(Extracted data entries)
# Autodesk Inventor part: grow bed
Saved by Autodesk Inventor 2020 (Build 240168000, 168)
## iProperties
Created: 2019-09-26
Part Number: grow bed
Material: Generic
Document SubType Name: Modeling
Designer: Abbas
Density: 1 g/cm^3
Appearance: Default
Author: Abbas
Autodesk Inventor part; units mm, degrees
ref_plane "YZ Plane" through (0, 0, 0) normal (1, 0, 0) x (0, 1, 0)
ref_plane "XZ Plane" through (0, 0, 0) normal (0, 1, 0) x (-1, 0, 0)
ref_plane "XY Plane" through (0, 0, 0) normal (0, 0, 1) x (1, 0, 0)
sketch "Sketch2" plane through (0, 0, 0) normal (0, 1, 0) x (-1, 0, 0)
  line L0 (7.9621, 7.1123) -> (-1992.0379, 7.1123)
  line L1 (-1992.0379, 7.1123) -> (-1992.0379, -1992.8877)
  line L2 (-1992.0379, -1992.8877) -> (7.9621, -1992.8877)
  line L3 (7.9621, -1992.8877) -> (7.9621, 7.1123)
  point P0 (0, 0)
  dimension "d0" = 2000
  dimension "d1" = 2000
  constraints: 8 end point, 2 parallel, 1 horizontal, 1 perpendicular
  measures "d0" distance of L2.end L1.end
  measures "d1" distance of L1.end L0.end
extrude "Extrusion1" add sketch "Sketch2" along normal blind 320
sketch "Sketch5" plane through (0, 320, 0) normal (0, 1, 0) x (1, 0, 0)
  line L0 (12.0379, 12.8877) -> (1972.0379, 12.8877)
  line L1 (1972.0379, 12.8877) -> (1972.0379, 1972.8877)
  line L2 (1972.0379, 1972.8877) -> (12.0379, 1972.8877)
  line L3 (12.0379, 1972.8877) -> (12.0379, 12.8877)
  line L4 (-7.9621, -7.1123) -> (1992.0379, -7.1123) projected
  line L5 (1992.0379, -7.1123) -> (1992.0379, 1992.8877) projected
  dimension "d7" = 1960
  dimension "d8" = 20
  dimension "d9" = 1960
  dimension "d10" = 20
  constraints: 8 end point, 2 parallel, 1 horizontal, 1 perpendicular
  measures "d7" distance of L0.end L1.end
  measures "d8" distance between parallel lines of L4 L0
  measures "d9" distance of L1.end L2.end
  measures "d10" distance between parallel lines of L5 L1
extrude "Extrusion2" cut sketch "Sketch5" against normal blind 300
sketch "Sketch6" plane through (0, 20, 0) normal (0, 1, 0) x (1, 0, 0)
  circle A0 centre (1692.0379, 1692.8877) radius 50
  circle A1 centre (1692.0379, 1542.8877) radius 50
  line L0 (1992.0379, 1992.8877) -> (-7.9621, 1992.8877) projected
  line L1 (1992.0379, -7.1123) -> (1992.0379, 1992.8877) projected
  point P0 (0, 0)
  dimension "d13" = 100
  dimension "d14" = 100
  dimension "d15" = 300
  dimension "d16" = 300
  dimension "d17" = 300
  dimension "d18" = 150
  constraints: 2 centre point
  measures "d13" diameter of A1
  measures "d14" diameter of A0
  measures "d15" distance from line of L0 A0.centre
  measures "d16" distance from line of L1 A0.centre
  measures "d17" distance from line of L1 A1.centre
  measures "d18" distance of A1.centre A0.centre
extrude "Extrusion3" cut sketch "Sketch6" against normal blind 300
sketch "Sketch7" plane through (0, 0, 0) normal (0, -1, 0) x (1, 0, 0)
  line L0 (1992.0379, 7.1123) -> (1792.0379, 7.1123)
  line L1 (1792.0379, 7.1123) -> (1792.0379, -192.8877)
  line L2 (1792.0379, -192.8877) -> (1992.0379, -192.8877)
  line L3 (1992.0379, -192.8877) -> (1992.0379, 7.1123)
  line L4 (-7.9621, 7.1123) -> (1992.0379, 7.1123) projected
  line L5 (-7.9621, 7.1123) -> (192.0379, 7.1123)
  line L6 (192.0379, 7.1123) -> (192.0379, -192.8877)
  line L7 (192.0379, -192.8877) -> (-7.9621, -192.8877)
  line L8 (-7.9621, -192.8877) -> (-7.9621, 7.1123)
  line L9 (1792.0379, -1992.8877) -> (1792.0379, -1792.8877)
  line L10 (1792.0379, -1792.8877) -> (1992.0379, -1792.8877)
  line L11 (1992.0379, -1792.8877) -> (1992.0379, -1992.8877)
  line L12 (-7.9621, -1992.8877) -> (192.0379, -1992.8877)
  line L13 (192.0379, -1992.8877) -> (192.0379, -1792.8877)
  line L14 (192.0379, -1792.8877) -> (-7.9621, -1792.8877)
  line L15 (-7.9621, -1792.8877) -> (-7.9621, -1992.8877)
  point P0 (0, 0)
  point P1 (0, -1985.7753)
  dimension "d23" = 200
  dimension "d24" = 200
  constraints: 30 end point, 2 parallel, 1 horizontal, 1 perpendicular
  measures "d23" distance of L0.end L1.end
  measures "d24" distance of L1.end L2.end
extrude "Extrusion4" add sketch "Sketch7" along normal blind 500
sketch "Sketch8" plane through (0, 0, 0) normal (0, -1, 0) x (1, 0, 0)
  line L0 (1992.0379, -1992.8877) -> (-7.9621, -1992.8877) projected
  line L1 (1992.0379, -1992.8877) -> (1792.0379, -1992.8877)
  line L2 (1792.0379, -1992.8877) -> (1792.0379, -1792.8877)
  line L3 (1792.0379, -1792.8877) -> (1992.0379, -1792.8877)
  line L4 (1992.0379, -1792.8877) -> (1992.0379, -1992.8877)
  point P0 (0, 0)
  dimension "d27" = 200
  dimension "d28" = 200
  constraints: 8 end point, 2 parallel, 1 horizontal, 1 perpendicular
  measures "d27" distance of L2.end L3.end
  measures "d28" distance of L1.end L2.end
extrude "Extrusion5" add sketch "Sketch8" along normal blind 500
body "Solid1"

_Task:_ For the word "through", find all matching lines in the entries above and copy them out.

_Exercise output:_
ref_plane "YZ Plane" through (0, 0, 0) normal (1, 0, 0) x (0, 1, 0)
ref_plane "XZ Plane" through (0, 0, 0) normal (0, 1, 0) x (-1, 0, 0)
ref_plane "XY Plane" through (0, 0, 0) normal (0, 0, 1) x (1, 0, 0)
sketch "Sketch2" plane through (0, 0, 0) normal (0, 1, 0) x (-1, 0, 0)
sketch "Sketch5" plane through (0, 320, 0) normal (0, 1, 0) x (1, 0, 0)
sketch "Sketch6" plane through (0, 20, 0) normal (0, 1, 0) x (1, 0, 0)
sketch "Sketch7" plane through (0, 0, 0) normal (0, -1, 0) x (1, 0, 0)
sketch "Sketch8" plane through (0, 0, 0) normal (0, -1, 0) x (1, 0, 0)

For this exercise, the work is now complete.